Neysa is an emerging provider operating in the Indian market. They have recently signed an MoU with NTT Data and the Telangana government to build a 400MW, 25k GPU facility in Hyderabad, and currently operate a fleet of H100, H200, and soon MI300X AMD GPUs. However, our testing revealed that their current platform has gaps in security and usability when compared to international competitors.
The onboarding process raised concerns on security for us. Access is managed via username and password-based SSH, with manual IP address filtering and a fragmented user account system. We had no way to create new users for others on the team to test, implying that it would be difficult to support RBAC with an external IAM provider.
The SLURM environment itself also suffered from basic configuration errors. Jobs fail to run initially as no default partition is configured, requiring manual specification for every submission. In addition there was no topology.conf configured. If Neya is going to run a 25k GPU cluster in the future, topology aware scheduling is going to be critical. Also, monitoring and health checks are effectively non-existent. The provided Grafana dashboard was non-functional during our testing and appeared to be missing some expected exporters for health checks or performance monitoring to work. On a more positive note, the software stack for containerized workloads is modern.

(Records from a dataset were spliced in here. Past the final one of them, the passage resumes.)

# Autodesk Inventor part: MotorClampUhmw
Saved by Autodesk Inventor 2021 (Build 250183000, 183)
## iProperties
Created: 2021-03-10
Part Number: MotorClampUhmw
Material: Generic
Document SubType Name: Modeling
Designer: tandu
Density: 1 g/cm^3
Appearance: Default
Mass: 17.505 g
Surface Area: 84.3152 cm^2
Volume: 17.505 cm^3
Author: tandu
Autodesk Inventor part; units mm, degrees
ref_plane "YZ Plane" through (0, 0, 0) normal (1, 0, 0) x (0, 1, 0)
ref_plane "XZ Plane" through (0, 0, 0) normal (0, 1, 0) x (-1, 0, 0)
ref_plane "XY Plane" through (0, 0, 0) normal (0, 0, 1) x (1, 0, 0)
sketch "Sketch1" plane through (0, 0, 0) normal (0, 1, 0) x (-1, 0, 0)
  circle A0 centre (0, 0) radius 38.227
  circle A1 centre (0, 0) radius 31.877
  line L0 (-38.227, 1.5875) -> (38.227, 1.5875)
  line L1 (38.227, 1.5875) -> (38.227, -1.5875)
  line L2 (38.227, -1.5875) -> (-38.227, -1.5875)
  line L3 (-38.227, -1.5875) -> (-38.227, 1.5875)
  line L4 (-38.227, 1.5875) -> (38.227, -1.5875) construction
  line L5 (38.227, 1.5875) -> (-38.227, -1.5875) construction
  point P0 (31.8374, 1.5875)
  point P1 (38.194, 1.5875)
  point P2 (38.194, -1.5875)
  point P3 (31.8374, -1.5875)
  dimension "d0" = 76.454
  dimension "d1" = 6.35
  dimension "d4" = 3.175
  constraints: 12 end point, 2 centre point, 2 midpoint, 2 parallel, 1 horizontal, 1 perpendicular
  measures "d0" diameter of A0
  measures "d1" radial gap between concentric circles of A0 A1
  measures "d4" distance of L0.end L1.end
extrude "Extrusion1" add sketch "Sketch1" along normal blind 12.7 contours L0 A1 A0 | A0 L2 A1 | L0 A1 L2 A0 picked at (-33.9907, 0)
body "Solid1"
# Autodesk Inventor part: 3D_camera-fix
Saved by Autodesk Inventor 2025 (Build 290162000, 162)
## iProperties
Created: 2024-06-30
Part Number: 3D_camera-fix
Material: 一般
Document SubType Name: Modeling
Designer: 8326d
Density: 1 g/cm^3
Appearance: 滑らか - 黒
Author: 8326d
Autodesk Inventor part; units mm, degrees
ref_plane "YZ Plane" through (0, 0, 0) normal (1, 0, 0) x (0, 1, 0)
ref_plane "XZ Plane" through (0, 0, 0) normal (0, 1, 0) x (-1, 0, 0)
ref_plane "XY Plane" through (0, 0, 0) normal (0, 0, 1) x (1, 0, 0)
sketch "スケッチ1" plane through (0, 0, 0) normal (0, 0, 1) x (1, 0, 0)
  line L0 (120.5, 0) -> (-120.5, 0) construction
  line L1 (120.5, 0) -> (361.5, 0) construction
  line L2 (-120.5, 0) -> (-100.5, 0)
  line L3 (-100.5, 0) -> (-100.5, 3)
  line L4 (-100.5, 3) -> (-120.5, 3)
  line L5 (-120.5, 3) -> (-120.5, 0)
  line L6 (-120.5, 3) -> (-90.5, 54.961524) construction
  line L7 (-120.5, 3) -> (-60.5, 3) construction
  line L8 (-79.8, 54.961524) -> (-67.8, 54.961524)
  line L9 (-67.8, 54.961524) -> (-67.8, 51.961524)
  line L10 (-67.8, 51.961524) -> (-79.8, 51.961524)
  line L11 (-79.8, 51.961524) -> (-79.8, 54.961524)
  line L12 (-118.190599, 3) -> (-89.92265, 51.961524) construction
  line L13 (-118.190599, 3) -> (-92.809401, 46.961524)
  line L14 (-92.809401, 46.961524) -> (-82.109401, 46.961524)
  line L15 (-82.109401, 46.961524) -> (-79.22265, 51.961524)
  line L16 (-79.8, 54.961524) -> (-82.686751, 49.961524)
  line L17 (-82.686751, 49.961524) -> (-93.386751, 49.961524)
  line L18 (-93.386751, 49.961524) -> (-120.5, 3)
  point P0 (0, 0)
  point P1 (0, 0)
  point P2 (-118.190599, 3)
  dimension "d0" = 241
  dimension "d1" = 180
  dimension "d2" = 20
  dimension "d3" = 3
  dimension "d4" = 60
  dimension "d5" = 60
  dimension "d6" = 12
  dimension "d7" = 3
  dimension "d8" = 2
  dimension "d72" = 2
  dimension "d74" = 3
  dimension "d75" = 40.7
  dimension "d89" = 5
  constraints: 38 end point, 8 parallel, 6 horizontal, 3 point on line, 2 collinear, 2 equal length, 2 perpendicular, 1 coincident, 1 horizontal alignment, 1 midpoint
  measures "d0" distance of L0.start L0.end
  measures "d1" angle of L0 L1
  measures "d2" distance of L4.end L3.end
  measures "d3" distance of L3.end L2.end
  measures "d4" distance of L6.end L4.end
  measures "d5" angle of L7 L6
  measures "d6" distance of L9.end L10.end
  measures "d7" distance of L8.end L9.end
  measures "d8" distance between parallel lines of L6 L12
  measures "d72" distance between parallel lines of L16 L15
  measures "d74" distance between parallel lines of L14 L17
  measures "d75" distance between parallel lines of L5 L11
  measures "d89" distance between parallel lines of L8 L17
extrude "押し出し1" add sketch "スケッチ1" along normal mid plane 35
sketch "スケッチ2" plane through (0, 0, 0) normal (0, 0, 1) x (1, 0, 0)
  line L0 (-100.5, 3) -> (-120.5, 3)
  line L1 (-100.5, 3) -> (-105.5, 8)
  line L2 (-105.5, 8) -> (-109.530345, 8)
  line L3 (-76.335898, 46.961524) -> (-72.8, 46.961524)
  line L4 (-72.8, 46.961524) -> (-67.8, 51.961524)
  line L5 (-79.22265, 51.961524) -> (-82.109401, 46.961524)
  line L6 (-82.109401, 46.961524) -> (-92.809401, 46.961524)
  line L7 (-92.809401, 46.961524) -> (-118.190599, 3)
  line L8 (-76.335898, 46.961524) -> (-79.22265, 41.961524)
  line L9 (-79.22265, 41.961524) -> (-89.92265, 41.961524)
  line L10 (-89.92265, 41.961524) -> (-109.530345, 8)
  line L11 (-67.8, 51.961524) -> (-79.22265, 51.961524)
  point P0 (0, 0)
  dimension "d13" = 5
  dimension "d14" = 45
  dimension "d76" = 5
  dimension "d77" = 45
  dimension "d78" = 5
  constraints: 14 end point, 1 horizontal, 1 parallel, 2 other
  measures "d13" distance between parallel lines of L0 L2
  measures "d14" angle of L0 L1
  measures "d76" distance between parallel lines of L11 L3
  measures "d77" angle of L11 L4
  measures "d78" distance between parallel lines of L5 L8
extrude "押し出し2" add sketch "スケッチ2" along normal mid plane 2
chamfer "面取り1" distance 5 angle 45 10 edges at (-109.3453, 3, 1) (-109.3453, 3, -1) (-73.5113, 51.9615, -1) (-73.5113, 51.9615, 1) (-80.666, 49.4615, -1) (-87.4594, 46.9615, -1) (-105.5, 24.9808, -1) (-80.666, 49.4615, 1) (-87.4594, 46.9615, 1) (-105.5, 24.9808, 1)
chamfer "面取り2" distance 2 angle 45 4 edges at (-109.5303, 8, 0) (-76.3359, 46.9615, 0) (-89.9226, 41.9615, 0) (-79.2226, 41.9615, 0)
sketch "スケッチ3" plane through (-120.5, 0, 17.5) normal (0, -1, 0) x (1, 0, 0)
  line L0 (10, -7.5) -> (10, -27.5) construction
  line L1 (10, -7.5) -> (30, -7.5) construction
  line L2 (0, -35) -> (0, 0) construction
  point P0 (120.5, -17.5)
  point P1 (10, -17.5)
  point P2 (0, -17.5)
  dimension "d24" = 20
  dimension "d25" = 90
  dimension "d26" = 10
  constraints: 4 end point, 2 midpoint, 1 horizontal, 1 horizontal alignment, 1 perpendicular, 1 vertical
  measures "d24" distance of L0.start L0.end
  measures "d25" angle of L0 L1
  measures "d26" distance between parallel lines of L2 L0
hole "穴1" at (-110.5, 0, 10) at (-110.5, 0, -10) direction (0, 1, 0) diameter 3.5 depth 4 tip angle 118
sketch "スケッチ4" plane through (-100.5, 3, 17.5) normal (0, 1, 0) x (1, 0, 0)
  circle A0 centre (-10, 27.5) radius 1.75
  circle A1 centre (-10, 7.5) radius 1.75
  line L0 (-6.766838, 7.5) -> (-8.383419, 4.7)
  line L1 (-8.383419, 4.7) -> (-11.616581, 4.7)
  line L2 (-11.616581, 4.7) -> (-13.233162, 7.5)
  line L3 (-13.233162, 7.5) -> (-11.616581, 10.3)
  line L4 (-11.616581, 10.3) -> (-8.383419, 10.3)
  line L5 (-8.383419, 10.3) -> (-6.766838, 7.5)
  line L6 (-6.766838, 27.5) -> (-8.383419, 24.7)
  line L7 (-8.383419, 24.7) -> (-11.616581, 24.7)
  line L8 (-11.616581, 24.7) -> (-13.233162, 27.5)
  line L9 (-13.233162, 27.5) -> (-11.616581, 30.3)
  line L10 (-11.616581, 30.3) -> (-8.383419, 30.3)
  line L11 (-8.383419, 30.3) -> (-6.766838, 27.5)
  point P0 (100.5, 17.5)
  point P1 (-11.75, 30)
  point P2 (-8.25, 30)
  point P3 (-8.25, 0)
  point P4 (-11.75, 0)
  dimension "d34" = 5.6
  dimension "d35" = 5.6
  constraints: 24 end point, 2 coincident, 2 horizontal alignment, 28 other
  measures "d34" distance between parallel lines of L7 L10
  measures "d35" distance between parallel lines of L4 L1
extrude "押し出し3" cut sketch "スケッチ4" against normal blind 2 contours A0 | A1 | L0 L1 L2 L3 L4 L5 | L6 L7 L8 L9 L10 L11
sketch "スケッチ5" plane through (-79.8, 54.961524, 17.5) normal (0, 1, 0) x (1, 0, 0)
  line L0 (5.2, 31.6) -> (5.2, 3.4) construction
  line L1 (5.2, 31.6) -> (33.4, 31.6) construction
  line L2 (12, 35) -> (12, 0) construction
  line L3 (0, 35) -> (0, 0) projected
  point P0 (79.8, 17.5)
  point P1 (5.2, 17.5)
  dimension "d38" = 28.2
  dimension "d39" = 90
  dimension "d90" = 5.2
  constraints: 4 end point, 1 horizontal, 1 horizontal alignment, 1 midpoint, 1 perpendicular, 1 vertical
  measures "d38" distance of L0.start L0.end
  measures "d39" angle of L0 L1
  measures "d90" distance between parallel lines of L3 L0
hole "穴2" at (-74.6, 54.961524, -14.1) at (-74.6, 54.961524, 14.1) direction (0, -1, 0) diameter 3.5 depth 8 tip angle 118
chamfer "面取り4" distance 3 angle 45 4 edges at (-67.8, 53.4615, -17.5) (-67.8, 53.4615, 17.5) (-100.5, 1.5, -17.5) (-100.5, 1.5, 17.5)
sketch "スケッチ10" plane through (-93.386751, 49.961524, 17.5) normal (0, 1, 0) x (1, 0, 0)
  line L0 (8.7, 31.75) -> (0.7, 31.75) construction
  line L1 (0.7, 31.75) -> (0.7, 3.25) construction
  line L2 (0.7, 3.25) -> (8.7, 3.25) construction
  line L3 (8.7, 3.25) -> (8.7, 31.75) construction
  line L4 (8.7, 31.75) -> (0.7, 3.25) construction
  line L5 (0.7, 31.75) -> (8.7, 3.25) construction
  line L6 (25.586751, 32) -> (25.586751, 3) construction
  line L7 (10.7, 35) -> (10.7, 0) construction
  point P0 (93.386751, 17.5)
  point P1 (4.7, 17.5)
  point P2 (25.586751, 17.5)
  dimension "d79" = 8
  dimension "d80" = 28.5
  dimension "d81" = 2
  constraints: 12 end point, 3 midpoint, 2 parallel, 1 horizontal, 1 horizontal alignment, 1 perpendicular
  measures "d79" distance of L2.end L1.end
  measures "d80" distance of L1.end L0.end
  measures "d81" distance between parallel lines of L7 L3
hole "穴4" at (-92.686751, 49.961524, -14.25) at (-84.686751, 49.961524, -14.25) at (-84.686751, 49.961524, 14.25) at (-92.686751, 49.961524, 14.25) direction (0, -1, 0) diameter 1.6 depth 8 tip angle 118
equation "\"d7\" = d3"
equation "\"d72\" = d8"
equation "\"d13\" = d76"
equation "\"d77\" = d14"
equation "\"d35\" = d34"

We found an up-to-date NVIDIA container toolkit, and both pyxis and enroot were installed.
At the time of testing, Neysa did not have a Kubernetes offering available for us to test. We look forward to testing it in the future. We expect Neysa to benefit from compliance with Indian regulations such as the DPDP, but we find it unlikely that they are able expand beyond their domestic market at this time. We encourage Neysa to improve their default experience: a better security posture, user management, proactive support experience, default monitoring systems, and health checks.